**EXERCISE INSTRUCTIONS**
Write out again, word for word, the lines below from the line that holds "Height_m/1 -> ISA/1(Height_m)" through the line that holds "H_tropo : Constant", omitting pictures.

**DATA SUPPLIED**
#####

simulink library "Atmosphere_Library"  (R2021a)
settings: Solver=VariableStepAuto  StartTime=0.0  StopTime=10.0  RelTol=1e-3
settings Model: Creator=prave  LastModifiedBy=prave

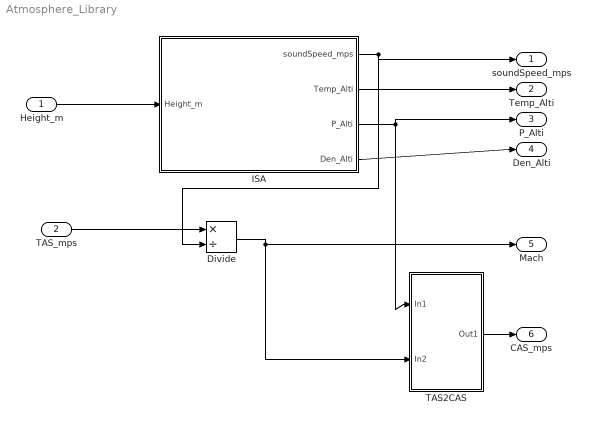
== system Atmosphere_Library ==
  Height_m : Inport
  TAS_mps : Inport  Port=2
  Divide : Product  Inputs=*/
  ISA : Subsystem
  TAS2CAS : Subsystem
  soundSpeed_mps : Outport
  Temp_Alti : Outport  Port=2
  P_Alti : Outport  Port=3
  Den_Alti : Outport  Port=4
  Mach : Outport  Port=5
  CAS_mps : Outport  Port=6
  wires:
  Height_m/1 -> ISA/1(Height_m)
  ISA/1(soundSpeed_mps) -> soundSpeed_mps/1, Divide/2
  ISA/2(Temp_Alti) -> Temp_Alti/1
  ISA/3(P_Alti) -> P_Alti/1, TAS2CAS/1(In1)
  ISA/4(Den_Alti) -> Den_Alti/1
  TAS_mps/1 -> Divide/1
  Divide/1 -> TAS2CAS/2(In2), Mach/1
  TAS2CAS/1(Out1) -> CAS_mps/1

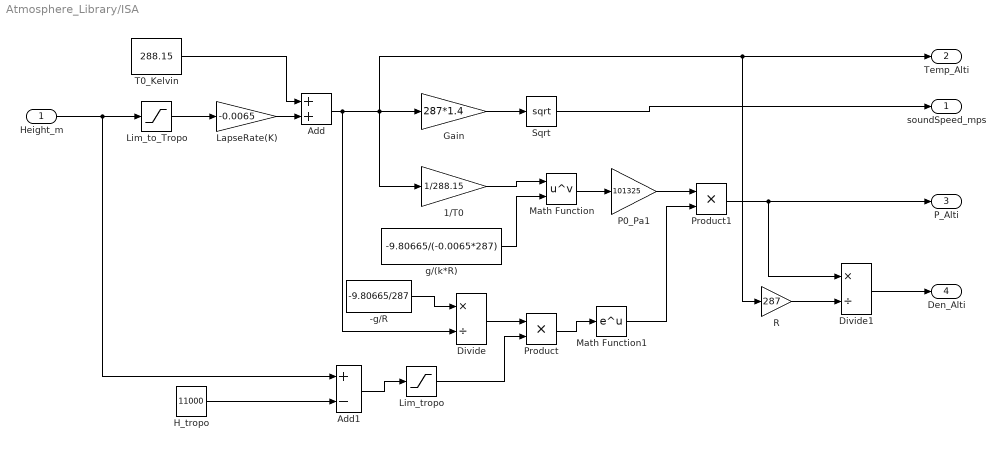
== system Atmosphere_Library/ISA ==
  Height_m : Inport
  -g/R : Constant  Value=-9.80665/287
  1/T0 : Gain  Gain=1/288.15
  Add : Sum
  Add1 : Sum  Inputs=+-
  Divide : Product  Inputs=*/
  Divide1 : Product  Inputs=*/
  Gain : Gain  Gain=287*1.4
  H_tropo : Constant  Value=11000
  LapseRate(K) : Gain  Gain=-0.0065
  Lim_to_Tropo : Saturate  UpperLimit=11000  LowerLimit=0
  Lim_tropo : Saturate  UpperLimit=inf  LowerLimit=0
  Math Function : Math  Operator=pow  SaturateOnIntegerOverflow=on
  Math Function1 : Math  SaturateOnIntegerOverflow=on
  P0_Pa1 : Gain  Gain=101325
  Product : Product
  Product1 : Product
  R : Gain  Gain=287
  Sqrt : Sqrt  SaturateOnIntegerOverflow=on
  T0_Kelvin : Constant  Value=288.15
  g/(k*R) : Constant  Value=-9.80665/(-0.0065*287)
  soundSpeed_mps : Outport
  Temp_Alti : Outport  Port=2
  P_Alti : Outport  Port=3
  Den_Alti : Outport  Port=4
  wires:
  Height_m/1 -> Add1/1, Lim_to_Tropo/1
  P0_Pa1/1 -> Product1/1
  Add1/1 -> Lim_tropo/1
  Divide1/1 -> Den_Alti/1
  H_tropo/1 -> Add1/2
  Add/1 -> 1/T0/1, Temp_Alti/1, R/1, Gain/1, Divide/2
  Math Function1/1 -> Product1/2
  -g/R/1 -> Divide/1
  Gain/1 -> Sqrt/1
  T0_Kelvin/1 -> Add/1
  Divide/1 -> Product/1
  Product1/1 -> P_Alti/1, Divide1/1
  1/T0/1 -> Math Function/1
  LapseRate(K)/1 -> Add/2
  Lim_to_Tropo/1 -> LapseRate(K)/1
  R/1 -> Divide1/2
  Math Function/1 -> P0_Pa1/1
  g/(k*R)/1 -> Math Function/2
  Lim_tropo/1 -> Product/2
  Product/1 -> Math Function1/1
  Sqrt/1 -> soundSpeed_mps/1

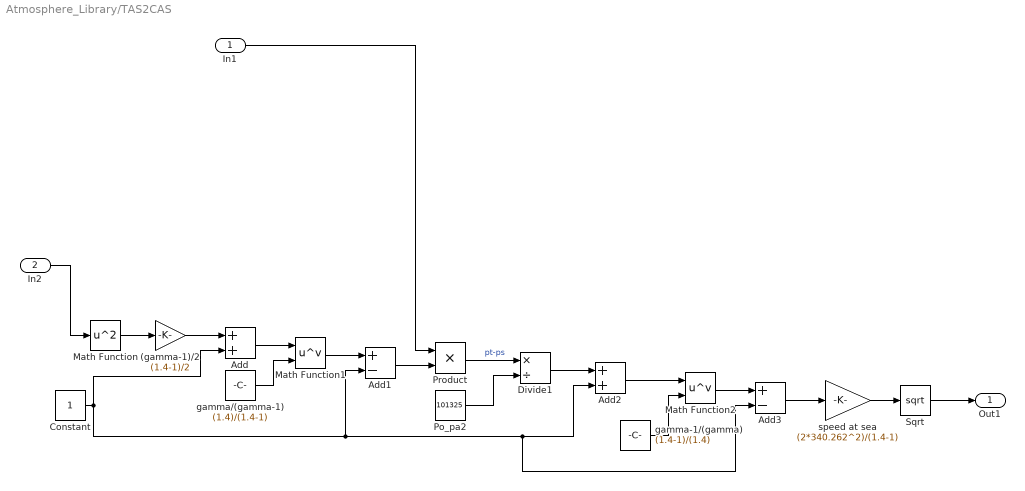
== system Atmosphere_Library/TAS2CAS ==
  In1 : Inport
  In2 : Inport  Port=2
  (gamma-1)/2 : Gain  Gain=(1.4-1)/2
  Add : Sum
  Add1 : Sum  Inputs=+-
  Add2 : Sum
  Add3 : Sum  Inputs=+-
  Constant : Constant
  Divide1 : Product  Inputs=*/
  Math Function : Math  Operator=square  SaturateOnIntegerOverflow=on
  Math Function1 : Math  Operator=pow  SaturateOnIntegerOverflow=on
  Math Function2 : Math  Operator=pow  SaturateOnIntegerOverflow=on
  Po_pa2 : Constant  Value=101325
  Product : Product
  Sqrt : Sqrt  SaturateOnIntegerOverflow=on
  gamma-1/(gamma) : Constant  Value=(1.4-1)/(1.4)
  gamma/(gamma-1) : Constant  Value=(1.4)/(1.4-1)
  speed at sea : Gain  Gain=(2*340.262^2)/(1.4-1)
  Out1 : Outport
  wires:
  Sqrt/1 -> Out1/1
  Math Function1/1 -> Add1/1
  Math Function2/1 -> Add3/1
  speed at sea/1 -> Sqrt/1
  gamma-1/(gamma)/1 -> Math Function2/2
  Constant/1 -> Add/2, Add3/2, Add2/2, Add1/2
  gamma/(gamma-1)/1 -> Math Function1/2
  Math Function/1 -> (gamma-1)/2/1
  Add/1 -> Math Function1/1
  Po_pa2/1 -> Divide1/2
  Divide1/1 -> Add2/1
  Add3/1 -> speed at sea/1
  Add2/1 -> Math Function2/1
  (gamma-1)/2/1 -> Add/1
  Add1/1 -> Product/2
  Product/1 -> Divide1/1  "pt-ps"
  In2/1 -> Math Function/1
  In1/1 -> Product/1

#####

**TASK RESULT**
  Height_m/1 -> ISA/1(Height_m)
  ISA/1(soundSpeed_mps) -> soundSpeed_mps/1, Divide/2
  ISA/2(Temp_Alti) -> Temp_Alti/1
  ISA/3(P_Alti) -> P_Alti/1, TAS2CAS/1(In1)
  ISA/4(Den_Alti) -> Den_Alti/1
  TAS_mps/1 -> Divide/1
  Divide/1 -> TAS2CAS/2(In2), Mach/1
  TAS2CAS/1(Out1) -> CAS_mps/1

== system Atmosphere_Library/ISA ==
  Height_m : Inport
  -g/R : Constant  Value=-9.80665/287
  1/T0 : Gain  Gain=1/288.15
  Add : Sum
  Add1 : Sum  Inputs=+-
  Divide : Product  Inputs=*/
  Divide1 : Product  Inputs=*/
  Gain : Gain  Gain=287*1.4
  H_tropo : Constant  Value=11000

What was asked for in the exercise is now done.